This study is reported by Dr. Qianwen Sun's group from Tsinghua University, Dr. Wei Li's group from Guangzhou Medical University, Dr. Hui Jiang's group from Peking University Third Hospital, and Wei Xu's group from Chinese Academy of Agricultural Sciences. They developed a novel technique, DNA End tailing and sequencing (DEtail-seq), for meiotic DNA double-strand break (DSB) profiling.
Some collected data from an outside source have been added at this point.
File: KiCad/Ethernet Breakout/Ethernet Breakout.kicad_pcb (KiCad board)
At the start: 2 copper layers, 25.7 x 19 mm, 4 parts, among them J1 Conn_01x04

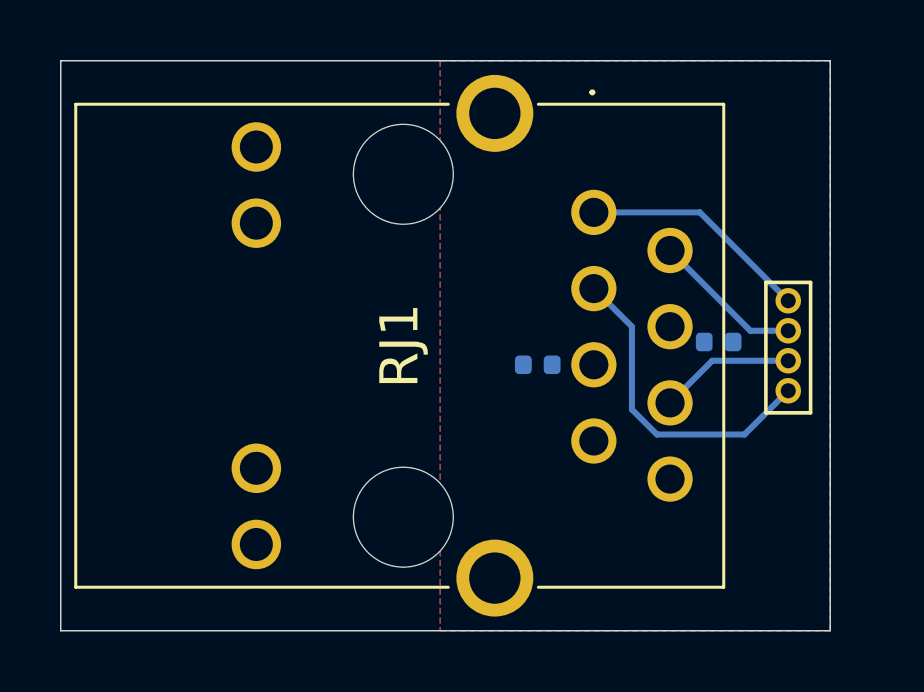
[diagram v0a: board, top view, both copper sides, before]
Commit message: Finalized Ethernet Breakout for production
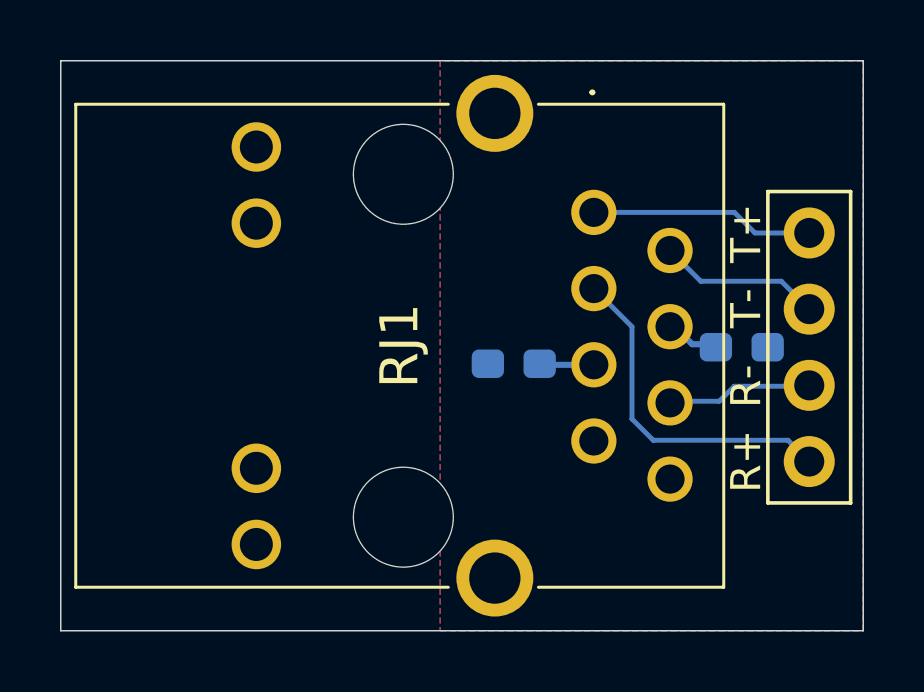
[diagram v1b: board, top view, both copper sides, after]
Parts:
- C2, C3: footprint Capacitor_SMD:C_0402_1005Metric -> Capacitor_SMD:C_0603_1608Metric_Pad1.08x0.95mm_HandSolder
- J1: footprint Connector_PinHeader_1.00mm:PinHeader_1x04_P1.00mm_Vertical -> Connector_PinHeader_2.54mm:PinHeader_1x04_P2.54mm_Vertical
- moved J1 2.46 mm to (138.3, 96.6)
- moved C2 0.80 mm to (128.4, 93.3)
- moved C3 0.79 mm to (136.1, 92.8)
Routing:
- net Net-(C2-Pad2): track 0.00 -> 2.28 mm
- net Net-(C3-Pad2): track 0.00 -> 1.81 mm
- net /RX+: track 10.7 -> 11.4 mm
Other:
- board size 25.7 x 19 mm -> 26.8 x 19 mm
- board text added: "R+"
- board text added: "R-"
- board text added: "T+"
- board text added: "T-"

In eukaryotes, meiosis is a fundamental process required for sexual reproduction. During meiosis, meiotic recombination is initiated with programmed DSBs induced by Spo11, and results in the exchange of genetic material between homologous chromosomes, which is beneficial for genetic diversity. Therefore, precise mapping of meiotic DSBs is essential for understanding the mechanism of meiotic homologous recombination. Spo11-induced meiotic DSBs can be divided into three parts: upstream DNA ends, downstream DNA ends, and Spo11-bound oligos (Figure 1A). Both upstream and downstream DNA ends provide 3' overhang structures, which contain a free 3' ssDNA end (Figure 1A). There are some disadvantages of previously reported methods for meiotic DSB detection, such as low sensitivity, cumbersome operation, and low resolution. To address these problems, the authors developed the DEtail-seq technique (Figure 1B): using Adaptase, a highly efficient single-stranded DNA ligation system, the 3' end of the DNA break is directly ligated to the 1st adaptor, and then the final library is constructed through a series of steps. After sequencing and data analysis, the position of the 3' end of the DNA break was mapped. The detection of restriction endonuclease cleavage sites showed that the DEtail-seq technique had a very high resolution, at or near the single nucleotide resolution (Figure 1C).
Based on the DEtail-seq technique, the investigators profiled the meiotic DSBs in budding yeast (Figure 2A), mouse (Figure 2B), and human germ cells (Figure 2C), and identified novel features of meiotic DSBs. Analysis of the mouse data showed that the meiotic DSB signal at leptotene/zygotene stage was enriched around de novo H3K4me3 peaks at leptotene stage (Figure 2B). Analysis of the human data showed that the meiotic DSB signal was enriched in the CTCF+ enhancer regions (Figure 2C). The authors believe that the DEtail-seq technique provides a powerful tool for researching meiosis in various species.
This work was funded by grants from the National Natural Science Foundation of China and Central Public-interest Scientific Institution Basal Research Fund.